Лекцию о «Сэре Гавейне и Зеленом Рыцаре» Толкин прочел в том же 1953 г. в университете Глазго, на чтениях памяти У. П. Кера. Примечательно: Толкин предполагает в своих слушателях знакомство со среднеанглийским оригиналом, по меньшей мере — с какими-нибудь из существовавших на тот момент переводов, однако находит нужным все же пересказать сюжет — и делает это параллельно изложению собственных мыслей, превращая лекцию в историю не менее увлекательную, чем сама поэма.

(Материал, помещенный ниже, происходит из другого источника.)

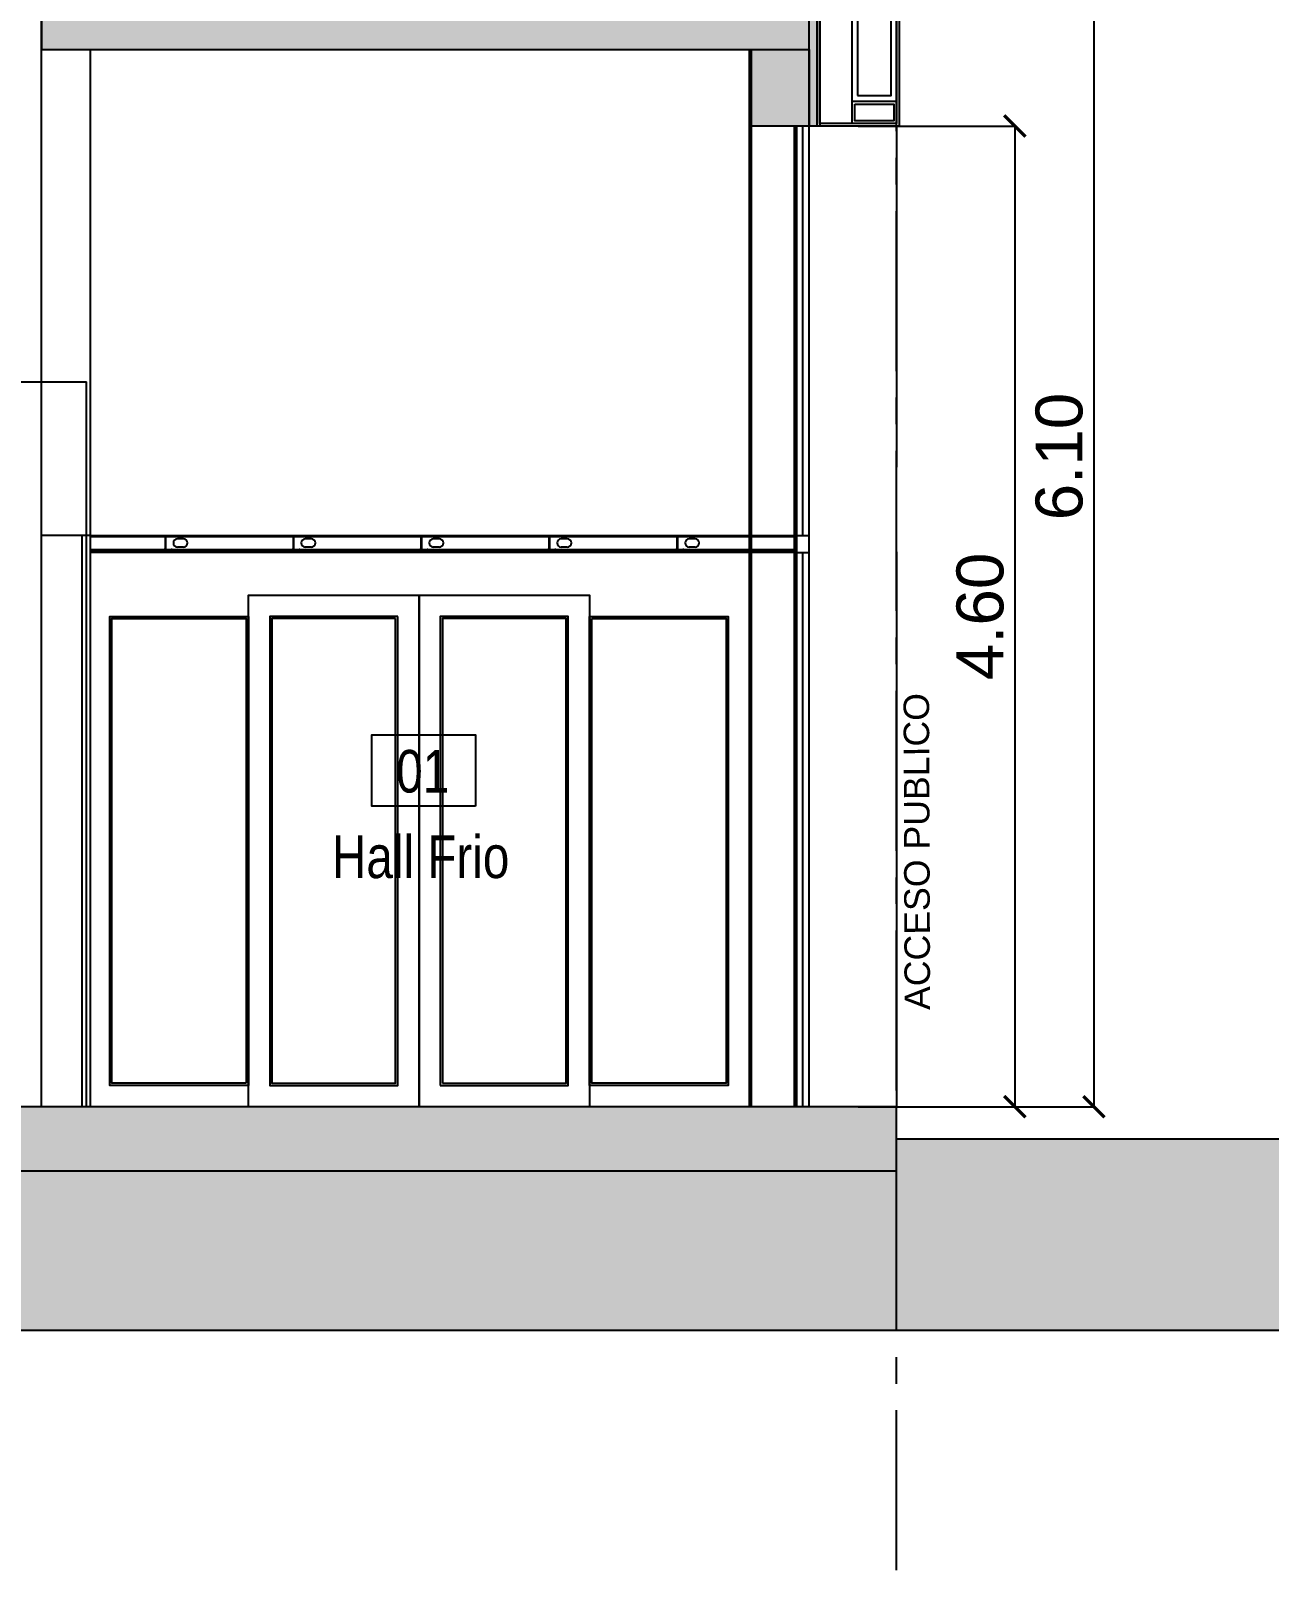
# Model space of a CAD drawing. Header units: inches. Extents: x -309 to 190, y -1585 to -1350.
# Drawn here: x -26.34 to -20.53, y -1468.68 to -1461.46 of the extents above; entities that cross this region are included whole.
import ezdxf
from ezdxf.enums import TextEntityAlignment as Align

# ---------------------------------------------------------------- set-up
doc = ezdxf.new("R2010")
doc.units = ezdxf.units.IN
doc.header["$MEASUREMENT"] = 0
doc.header["$PDMODE"] = 3
doc.linetypes.add('CENTER2', pattern=[1.125, 0.75, -0.125, 0.125, -0.125])
doc.linetypes.add('HIDDEN', pattern=[0.375, 0.25, -0.125])
doc.layers.get('0').update_dxf_attribs({"color": 9, "linetype": 'CONTINUOUS'})
doc.layers.get('DEFPOINTS').update_dxf_attribs({"color": 9, "linetype": 'CONTINUOUS'})
for name, color, linetype in [('0.50', 9, 'CONTINUOUS'), ('01', 9, 'CONTINUOUS'), ('10-TEXTO', 9, 'CONTINUOUS'), ('CARP', 9, 'CONTINUOUS'), ('color gris', 9, 'CONTINUOUS'), ('COTAS 1.75', 9, 'CONTINUOUS'), ('FMR', 9, 'CONTINUOUS'), ('lm', 9, 'HIDDEN'), ('MUROS obra nueva', 9, 'CONTINUOUS'), ('TEXTOS', 9, 'CONTINUOUS')]:
    doc.layers.add(name, color=color, linetype=linetype)
doc.styles.add('COTAS', font='arial.ttf')
doc.styles.add('ROMANS', font='arial.ttf')
doc.dimstyles.new('ploteo 100', dxfattribs={"dimscale": 0, "dimtxt": 0.22, "dimasz": 0.1, "dimexe": 0, "dimexo": 0, "dimgap": 0.05, "dimtad": 1, "dimzin": 0, "dimdsep": 46, "dimtxsty": 'COTAS', "dimblk1": 'ARCHTICK', "dimblk2": 'ARCHTICK', "dimsah": 1, "dimcen": 0.7, "dimclrd": 256, "dimclre": 256, "dimclrt": 256, "dimaunit": 1, "dimadec": 3, "dimazin": 0, "dimtfac": 1, "dimtmove": 2, "dimatfit": 3, "dimldrblk": 'ARCHTICK', "dimfxl": 1, "dimtolj": 1, "dimtzin": 0, "dimarcsym": 0})

# ---------------------------------------------------------------- blocks, each defined once
blk = doc.blocks.new('NLOCAL')
blk.add_lwpolyline([(-0.3036, 0), (0.3036, 0), (0.3036, 0.4188), (-0.3036, 0.4188)], close=True)
at = {"style": 'ROMANS', "width": 0.8, "flags": 1}
blk.add_attdef('SECTOR', text='', height=0.25, dxfattribs=at).set_placement((-0.0063, 0.6345), align=Align.MIDDLE)
at = {"style": 'ROMANS', "width": 0.8}
for tag, p in [('NUMERO', (0.006, 0.2059)), ('DENOMINACION', (0.0182, -0.2909))]:
    blk.add_attdef(tag, text='', height=0.25, dxfattribs=at).set_placement(p, align=Align.MIDDLE)
blk = doc.blocks.new('_ARCHTICK')
at = {"color": 0, "linetype": 'ByBlock', "const_width": 0.15}
blk.add_lwpolyline([(-0.5, -0.5), (0.5, 0.5)], dxfattribs=at)
blk = doc.blocks.new('*D86')
at = {"layer": 'COTAS 1.75', "lineweight": -2, "transparency": 16777216}
for p, q in [((-22.2773, -1460.4088), (-21.3521, -1460.4088)), ((-21.3521, -1460.4088), (-21.3521, -1466.5087)), ((-22.2773, -1466.5087), (-21.3521, -1466.5087))]:
    blk.add_line(p, q, dxfattribs=at)
at = {"layer": 'DEFPOINTS', "color": 0, "transparency": 16777216}
for p in [(-22.2773, -1460.4088), (-22.2773, -1466.5087), (-21.3521, -1466.5087)]:
    blk.add_point(p, dxfattribs=at)
at = {"layer": 'COTAS 1.75', "lineweight": -2, "transparency": 16777216, "xscale": 0.1, "yscale": 0.1, "zscale": 0.1}
for p, rotation in [((-21.3521, -1460.4088), 90), ((-21.3521, -1466.5087), 270)]:
    blk.add_blockref('_ARCHTICK', p, dxfattribs=dict(at, rotation=rotation))
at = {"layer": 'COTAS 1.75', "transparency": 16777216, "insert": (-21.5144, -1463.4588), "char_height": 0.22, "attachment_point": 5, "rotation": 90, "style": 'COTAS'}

Некоторые исследователи считают, что работа с поэмой оказала влияние и на творчество самого Толкина: Джон М. Файлер [105], например, проводит параллель между Гавейном и Фроди (возьмем наугад один из примеров — и Фроди, и Гавейн не выдерживают испытания до конца, оба раза уступая тому, что сильнее их, и на всю жизнь сохраняют на своем теле след этого — у Гавейна это шрам на шее, Фроди теряет палец), М. Ю. Миллер [106] — между Зеленым Рыцарем и Томом Бомбадилом (в силу того, что Зеленого Рыцаря более древних легенд часто считают олицетворением сил природы). Однако другие исследователи (например, Роджер Шлобин [107]) этих идей не поддерживают — влияние могло быть лишь самым косвенным, по характеру все эти персонажи очень отличаются друг от друга. Сэр Бертилак и его супруга — марионетки в руках феи Морганы (которая показывается в поэме лишь на мгновение); таким образом, замечает Р. Шлобин, структурно эти персонажи соответствуют скорее назгулам, полностью подвластным воле Саурона, остающегося во «Властелине колец» за кадром. Однако такая параллель сама обличает свою несостоятельность (все же Гавейн и Зеленый Рыцарь расстались друзьями, расстаться же «друзьями» с назгулом невозможно: в поэме невольная служба фее Моргане, по-видимому, не оставляет следа на сэре Бертилаке, у Толкина же служба злу неизбежно разрушает личность того, кто пошел на службу злу). Примечательно также, что в своей статье Толкин о фее Моргане и о ее роли в поэме почти совсем не упоминает. Но легко заметить, что, извиняя «оплошность» Гавейна, Толкин «извиняет оплошности» и положительных героев «Властелина колец»; «Сэра Гавейна» нельзя без натяжки числить среди прямых источников «Властелина колец», однако сравнение толкиновской статьи о «Сэре Гавейне» и «Властелина» может дать пищу для размышлений. Наводят на размышление слова Толкина о замке сэра Бертилака: этот замок — гнездо волшебства, однако в его описании нет ничего потустороннего или призрачного, все реально; так же реален и фантастический мир, встающий со страниц «Властелина колец». Таких косвенных параллелей можно насчитать много.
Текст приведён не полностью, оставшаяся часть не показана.